Eastern District of Pennsylvania Dismisses Statutory Bad Faith Claim Against Insurer’s Claims Adjuster and Denies Motion to Remand

Eastern District of Pennsylvania Dismisses Statutory Bad Faith Claim Against Insurer’s Claims Adjuster and Denies Motion to Remand

August 21, 2018

Steven Reto was injured in a car accident in 2014.  After the underlying liability claim settled with the driver who caused the accident, the Retos filed a claim for underinsured motorist benefits with their insurer, Liberty Mutual.  Sometime thereafter, the Retos filed suit in state court against Liberty Mutual and the claims adjuster who handled their claim, asserting statutory bad faith and other causes of action.  Liberty Mutual removed the case to federal court, contending that its claims adjuster was fraudulently joined to defeat diversity of citizenship.  The Retos moved to remand, maintaining that their claims against the adjuster were proper.

The federal district court, in Reto v. Liberty Mutual Insurance, No. 18-2483 (E.D. Pa.
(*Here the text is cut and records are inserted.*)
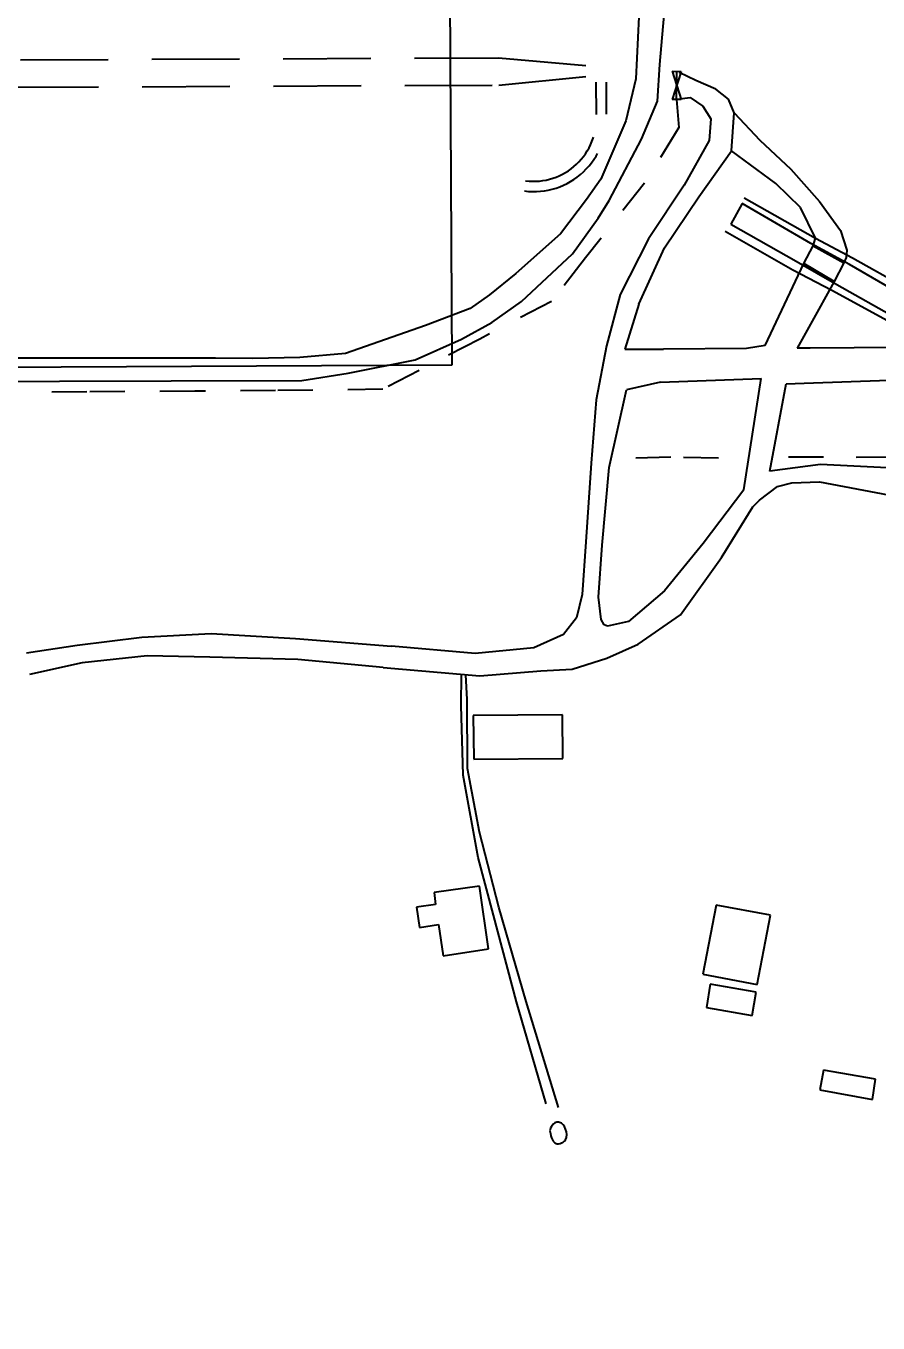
# Model space of a CAD drawing. Header units: metres. Extents: x 625987 to 635197, y 3048449 to 3066446.
# Drawn here: x 634651.378 to 634653.812, y 3063194.574 to 3063198.276 of the extents above; entities that cross this region are included whole.
import ezdxf

# ---------------------------------------------------------------- set-up
doc = ezdxf.new("R2010")
doc.units = ezdxf.units.M
for name, pattern in [('CONTINOUS', [0]), ('DASHED', [0.75, 0.5, -0.25]), ('HIDDEN', [0.375, 0.25, -0.125])]:
    doc.linetypes.add(name, pattern=pattern)
for name, color, linetype, lineweight in [('C-BLDG', 253, 'Continuous', 5), ('C-CLER-AERO', 253, 'Continuous', 5), ('C-FENC-AIRF-SECU', 253, 'DASHED', 0), ('C-NTWK-WATR-AIRF', 253, 'HIDDEN', 0), ('C-ROAD-AIRF', 253, 'Continuous', 5), ('C-ROAD-LAND', 253, 'Continuous', 9)]:
    doc.layers.add(name, color=color, linetype=linetype, lineweight=lineweight)
doc.layers.add('C-HUME PIPE', color=253, linetype='Continuous')
doc.styles.add('ADPI R', font='swiss.ttf')
doc.linetypes.add('OLS', pattern='A,4,-2,4,-2,["OLS",ADPI R,S=1.2,R=0,X=-1.7,Y=-0.5],-2,4,-2,4,-2', length=26)

msp = doc.modelspace()

# ---------------------------------------------------------------- linework, layer by layer
at = {"layer": 'C-BLDG', "lineweight": 40}
for p, q in [((634652.9102, 3063196.3097, 24568986.0801), (634652.6551, 3063196.3084, 24568986.0801)), ((634652.9102, 3063196.3097, 24568986.0801), (634652.6551, 3063196.3084, 24568986.0801)), ((634652.6551, 3063196.3084, 24568986.0801), (634652.6569, 3063196.1839, 24568986.0801)), ((634652.6551, 3063196.3084, 24568986.0801), (634652.6569, 3063196.1839, 24568986.0801)), ((634652.9112, 3063196.1852, 24568986.0801), (634652.9102, 3063196.3097, 24568986.0801)), ((634652.9112, 3063196.1852, 24568986.0801), (634652.9102, 3063196.3097, 24568986.0801)), ((634652.6569, 3063196.1839, 24568986.0801), (634652.9112, 3063196.1852, 24568986.0801)), ((634652.6569, 3063196.1839, 24568986.0801), (634652.9112, 3063196.1852, 24568986.0801)), ((634652.6735, 3063195.8214, 24568986.0801), (634652.5438, 3063195.8031, 24568986.0801)), ((634652.6735, 3063195.8214, 24568986.0801), (634652.5438, 3063195.8031, 24568986.0801)), ((634652.6996, 3063195.6419, 24568986.0801), (634652.6735, 3063195.8214, 24568986.0801)), ((634652.6996, 3063195.6419, 24568986.0801), (634652.6735, 3063195.8214, 24568986.0801)), ((634652.5438, 3063195.8031, 24568986.0801), (634652.5483, 3063195.769, 24568986.0801)), ((634652.5438, 3063195.8031, 24568986.0801), (634652.5483, 3063195.769, 24568986.0801)), ((634652.5483, 3063195.769, 24568986.0801), (634652.4935, 3063195.7611, 24568986.0801)), ((634652.5483, 3063195.769, 24568986.0801), (634652.4935, 3063195.7611, 24568986.0801)), ((634652.4935, 3063195.7611, 24568986.0801), (634652.5019, 3063195.7032, 24568986.0801)), ((634652.4935, 3063195.7611, 24568986.0801), (634652.5019, 3063195.7032, 24568986.0801)), ((634653.3496, 3063195.7672, 24568986.0801), (634653.311, 3063195.5695, 24568986.0801)), ((634653.3496, 3063195.7672, 24568986.0801), (634653.311, 3063195.5695, 24568986.0801)), ((634653.5051, 3063195.7379, 24568986.0801), (634653.3496, 3063195.7672, 24568986.0801)), ((634653.5051, 3063195.7379, 24568986.0801), (634653.3496, 3063195.7672, 24568986.0801)), ((634653.4665, 3063195.5402, 24568986.0801), (634653.5051, 3063195.7379, 24568986.0801)), ((634653.4665, 3063195.5402, 24568986.0801), (634653.5051, 3063195.7379, 24568986.0801)), ((634652.5019, 3063195.7032, 24568986.0801), (634652.5569, 3063195.7114, 24568986.0801)), ((634652.5019, 3063195.7032, 24568986.0801), (634652.5569, 3063195.7114, 24568986.0801)), ((634652.5569, 3063195.7114, 24568986.0801), (634652.5702, 3063195.6219, 24568986.0801)), ((634652.5569, 3063195.7114, 24568986.0801), (634652.5702, 3063195.6219, 24568986.0801)), ((634652.5702, 3063195.6219, 24568986.0801), (634652.6996, 3063195.6419, 24568986.0801)), ((634652.5702, 3063195.6219, 24568986.0801), (634652.6996, 3063195.6419, 24568986.0801)), ((634653.311, 3063195.5695, 24568986.0801), (634653.4665, 3063195.5402, 24568986.0801)), ((634653.311, 3063195.5695, 24568986.0801), (634653.4665, 3063195.5402, 24568986.0801)), ((634653.3319, 3063195.5416, 24568986.0801), (634653.3214, 3063195.4746, 24568986.0801)), ((634653.3319, 3063195.5416, 24568986.0801), (634653.3214, 3063195.4746, 24568986.0801)), ((634653.4641, 3063195.5186, 24568986.0801), (634653.3319, 3063195.5416, 24568986.0801)), ((634653.4641, 3063195.5186, 24568986.0801), (634653.3319, 3063195.5416, 24568986.0801)), ((634653.4526, 3063195.4521, 24568986.0801), (634653.4641, 3063195.5186, 24568986.0801)), ((634653.4526, 3063195.4521, 24568986.0801), (634653.4641, 3063195.5186, 24568986.0801)), ((634653.3214, 3063195.4746, 24568986.0801), (634653.4526, 3063195.4521, 24568986.0801)), ((634653.3214, 3063195.4746, 24568986.0801), (634653.4526, 3063195.4521, 24568986.0801)), ((634653.6562, 3063195.2961, 24568986.0801), (634653.6455, 3063195.2394, 24568986.0801)), ((634653.6562, 3063195.2961, 24568986.0801), (634653.6455, 3063195.2394, 24568986.0801)), ((634653.8045, 3063195.27, 24568986.0801), (634653.6562, 3063195.2961, 24568986.0801)), ((634653.8045, 3063195.27, 24568986.0801), (634653.6562, 3063195.2961, 24568986.0801)), ((634653.7957, 3063195.2125, 24568986.0801), (634653.8045, 3063195.27, 24568986.0801)), ((634653.7957, 3063195.2125, 24568986.0801), (634653.8045, 3063195.27, 24568986.0801)), ((634653.6455, 3063195.2394, 24568986.0801), (634653.7957, 3063195.2125, 24568986.0801)), ((634653.6455, 3063195.2394, 24568986.0801), (634653.7957, 3063195.2125, 24568986.0801)), ((634652.8888, 3063195.1459, 24568986.0801), (634652.8838, 3063195.1416, 24568986.0801)), ((634652.8888, 3063195.1459, 24568986.0801), (634652.8838, 3063195.1416, 24568986.0801)), ((634652.8943, 3063195.1471, 24568986.0801), (634652.8888, 3063195.1459, 24568986.0801)), ((634652.8943, 3063195.1471, 24568986.0801), (634652.8888, 3063195.1459, 24568986.0801)), ((634652.8989, 3063195.1478, 24568986.0801), (634652.8943, 3063195.1471, 24568986.0801)), ((634652.8989, 3063195.1478, 24568986.0801), (634652.8943, 3063195.1471, 24568986.0801)), ((634652.9082, 3063195.1443, 24568986.0801), (634652.8989, 3063195.1478, 24568986.0801)), ((634652.9082, 3063195.1443, 24568986.0801), (634652.8989, 3063195.1478, 24568986.0801)), ((634652.9125, 3063195.1401, 24568986.0801), (634652.9082, 3063195.1443, 24568986.0801)), ((634652.9125, 3063195.1401, 24568986.0801), (634652.9082, 3063195.1443, 24568986.0801)), ((634652.8765, 3063195.1307, 24568986.0801), (634652.8748, 3063195.1227, 24568986.0801)), ((634652.8765, 3063195.1307, 24568986.0801), (634652.8748, 3063195.1227, 24568986.0801)), ((634652.8748, 3063195.1227, 24568986.0801), (634652.8761, 3063195.1152, 24568986.0801)), ((634652.8748, 3063195.1227, 24568986.0801), (634652.8761, 3063195.1152, 24568986.0801)), ((634652.8761, 3063195.1152, 24568986.0801), (634652.8773, 3063195.1082, 24568986.0801)), ((634652.8761, 3063195.1152, 24568986.0801), (634652.8773, 3063195.1082, 24568986.0801)), ((634652.8787, 3063195.1347, 24568986.0801), (634652.8765, 3063195.1307, 24568986.0801)), ((634652.8787, 3063195.1347, 24568986.0801), (634652.8765, 3063195.1307, 24568986.0801)), ((634652.8773, 3063195.1082, 24568986.0801), (634652.8793, 3063195.1028, 24568986.0801)), ((634652.8773, 3063195.1082, 24568986.0801), (634652.8793, 3063195.1028, 24568986.0801)), ((634652.8838, 3063195.1416, 24568986.0801), (634652.8787, 3063195.1347, 24568986.0801)), ((634652.8838, 3063195.1416, 24568986.0801), (634652.8787, 3063195.1347, 24568986.0801)), ((634652.9165, 3063195.1349, 24568986.0801), (634652.9125, 3063195.1401, 24568986.0801)), ((634652.9165, 3063195.1349, 24568986.0801), (634652.9125, 3063195.1401, 24568986.0801)), ((634652.9191, 3063195.1279, 24568986.0801), (634652.9165, 3063195.1349, 24568986.0801)), ((634652.9191, 3063195.1279, 24568986.0801), (634652.9165, 3063195.1349, 24568986.0801)), ((634652.9216, 3063195.1195, 24568986.0801), (634652.9191, 3063195.1279, 24568986.0801)), ((634652.9216, 3063195.1195, 24568986.0801), (634652.9191, 3063195.1279, 24568986.0801)), ((634652.9226, 3063195.1122, 24568986.0801), (634652.9216, 3063195.1195, 24568986.0801)), ((634652.9226, 3063195.1122, 24568986.0801), (634652.9216, 3063195.1195, 24568986.0801)), ((634652.9218, 3063195.1037, 24568986.0801), (634652.9226, 3063195.1122, 24568986.0801)), ((634652.9218, 3063195.1037, 24568986.0801), (634652.9226, 3063195.1122, 24568986.0801)), ((634652.8793, 3063195.1028, 24568986.0801), (634652.8843, 3063195.0934, 24568986.0801)), ((634652.8793, 3063195.1028, 24568986.0801), (634652.8843, 3063195.0934, 24568986.0801)), ((634652.8843, 3063195.0934, 24568986.0801), (634652.8856, 3063195.0915, 24568986.0801)), ((634652.8843, 3063195.0934, 24568986.0801), (634652.8856, 3063195.0915, 24568986.0801)), ((634652.8856, 3063195.0915, 24568986.0801), (634652.8884, 3063195.0884, 24568986.0801)), ((634652.8856, 3063195.0915, 24568986.0801), (634652.8884, 3063195.0884, 24568986.0801)), ((634652.8884, 3063195.0884, 24568986.0801), (634652.8922, 3063195.0866, 24568986.0801)), ((634652.8884, 3063195.0884, 24568986.0801), (634652.8922, 3063195.0866, 24568986.0801)), ((634652.8922, 3063195.0866, 24568986.0801), (634652.8958, 3063195.0859, 24568986.0801)), ((634652.8922, 3063195.0866, 24568986.0801), (634652.8958, 3063195.0859, 24568986.0801)), ((634652.8958, 3063195.0859, 24568986.0801), (634652.8992, 3063195.0856, 24568986.0801)), ((634652.8958, 3063195.0859, 24568986.0801), (634652.8992, 3063195.0856, 24568986.0801)), ((634652.8992, 3063195.0856, 24568986.0801), (634652.9038, 3063195.0867, 24568986.0801)), ((634652.8992, 3063195.0856, 24568986.0801), (634652.9038, 3063195.0867, 24568986.0801)), ((634652.9038, 3063195.0867, 24568986.0801), (634652.908, 3063195.0881, 24568986.0801)), ((634652.9038, 3063195.0867, 24568986.0801), (634652.908, 3063195.0881, 24568986.0801)), ((634652.908, 3063195.0881, 24568986.0801), (634652.9115, 3063195.0896, 24568986.0801)), ((634652.908, 3063195.0881, 24568986.0801), (634652.9115, 3063195.0896, 24568986.0801)), ((634652.9115, 3063195.0896, 24568986.0801), (634652.9139, 3063195.0911, 24568986.0801)), ((634652.9115, 3063195.0896, 24568986.0801), (634652.9139, 3063195.0911, 24568986.0801)), ((634652.9139, 3063195.0911, 24568986.0801), (634652.9167, 3063195.0936, 24568986.0801)), ((634652.9139, 3063195.0911, 24568986.0801), (634652.9167, 3063195.0936, 24568986.0801)), ((634652.9167, 3063195.0936, 24568986.0801), (634652.9195, 3063195.0975, 24568986.0801)), ((634652.9167, 3063195.0936, 24568986.0801), (634652.9195, 3063195.0975, 24568986.0801)), ((634652.9195, 3063195.0975, 24568986.0801), (634652.9218, 3063195.1037, 24568986.0801)), ((634652.9195, 3063195.0975, 24568986.0801), (634652.9218, 3063195.1037, 24568986.0801))]:
    msp.add_line(p, q, dxfattribs=at)
msp.add_ellipse((634658.3766, 3063190.0319, 24568986.0801), major_axis=(-0.0009, 5.7319), ratio=1, start_param=0.412909, end_param=1.678243, dxfattribs=at)
msp.add_ellipse((634658.3766, 3063190.0319, 24568986.0801), major_axis=(-0.0009, 5.7319), ratio=1, start_param=0.412909, end_param=1.678243, dxfattribs=at)
at = {"layer": 'C-CLER-AERO', "linetype": 'OLS', "lineweight": 40}
for p, q in [((634652.5765, 3063200.9465, 24568986.0801), (634652.5942, 3063197.3079, 24568986.0801)), ((634652.5765, 3063200.9465, 24568986.0801), (634652.5942, 3063197.3079, 24568986.0801)), ((634652.5942, 3063197.3079, 24568986.0801), (634612.9564, 3063197.1199, 24568986.0801)), ((634652.5942, 3063197.3079, 24568986.0801), (634612.9564, 3063197.1199, 24568986.0801))]:
    msp.add_line(p, q, dxfattribs=at)
at = {"layer": 'C-FENC-AIRF-SECU', "linetype": 'CONTINOUS', "lineweight": 40, "ltscale": 0.2}
for p, q in [((634653.2498, 3063198.1465, 24568986.0801), (634653.2234, 3063198.0661, 24568986.0801)), ((634653.2498, 3063198.1465, 24568986.0801), (634653.2234, 3063198.0661, 24568986.0801)), ((634653.2238, 3063198.1467, 24568986.0801), (634653.2494, 3063198.066, 24568986.0801)), ((634653.2238, 3063198.1467, 24568986.0801), (634653.2494, 3063198.066, 24568986.0801)), ((634653.2364, 3063198.0661, 24568986.0801), (634653.2368, 3063198.1466, 24568986.0801)), ((634653.2364, 3063198.0661, 24568986.0801), (634653.2368, 3063198.1466, 24568986.0801))]:
    msp.add_line(p, q, dxfattribs=at)
at = {"layer": 'C-FENC-AIRF-SECU', "lineweight": 40, "ltscale": 0.2}
for p, q in [((634653.2238, 3063198.1467, 24568986.0801), (634653.2498, 3063198.1465, 24568986.0801)), ((634653.2238, 3063198.1467, 24568986.0801), (634653.2498, 3063198.1465, 24568986.0801)), ((634653.2494, 3063198.066, 24568986.0801), (634653.2234, 3063198.0661, 24568986.0801)), ((634653.2494, 3063198.066, 24568986.0801), (634653.2234, 3063198.0661, 24568986.0801)), ((634653.2364, 3063198.0661, 24568986.0801), (634653.2424, 3063197.9858, 24568986.0801)), ((634653.2364, 3063198.0661, 24568986.0801), (634653.2424, 3063197.9858, 24568986.0801)), ((634653.2424, 3063197.9858, 24568986.0801), (634653.1451, 3063197.8274, 24568986.0801)), ((634653.2424, 3063197.9858, 24568986.0801), (634653.1451, 3063197.8274, 24568986.0801)), ((634653.1451, 3063197.8274, 24568986.0801), (634652.9764, 3063197.6144, 24568986.0801)), ((634653.1451, 3063197.8274, 24568986.0801), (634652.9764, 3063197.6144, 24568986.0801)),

Aug. 8, 2018), denied the Retos' motion to remand and dismissed the claims adjuster as a defendant in the lawsuit.  The court found the claims against the adjuster were "wholly insubstantial and frivolous" and that there was "no basis for a bad faith claim" against the adjuster because the Pennsylvania bad faith statute "applies only to insurance companies."  "To determine who is the insurer for purposes of [the statute], we examine the policy documents and the extent to which the company acted as an insurer."  The court found the adjuster was “not an insurer because she is not a party to the insurance contract.  Only Liberty Mutual is identified in the policy documents as the "insurer."  In addition, the Retos had not alleged that the adjuster "acted as their insurer."  Although the Retos argued that they named the adjuster due to the "complexity of the corporate structure" of Liberty Mutual and "to ensure that the proper entity … would be liable for the actions of [the adjuster] via vicarious liability," the court rejected this argument.  "If they named [the adjuster] only to learn who her employer was, they could subpoena and depose her as a witness."

Having determined that the adjuster "is not an insurer within the meaning of the bad faith statute," and that "there is no colorable claim against" her, the court concluded that she was fraudulently joined in the action, dismissed her as a defendant, and denied the Retos' motion to remand.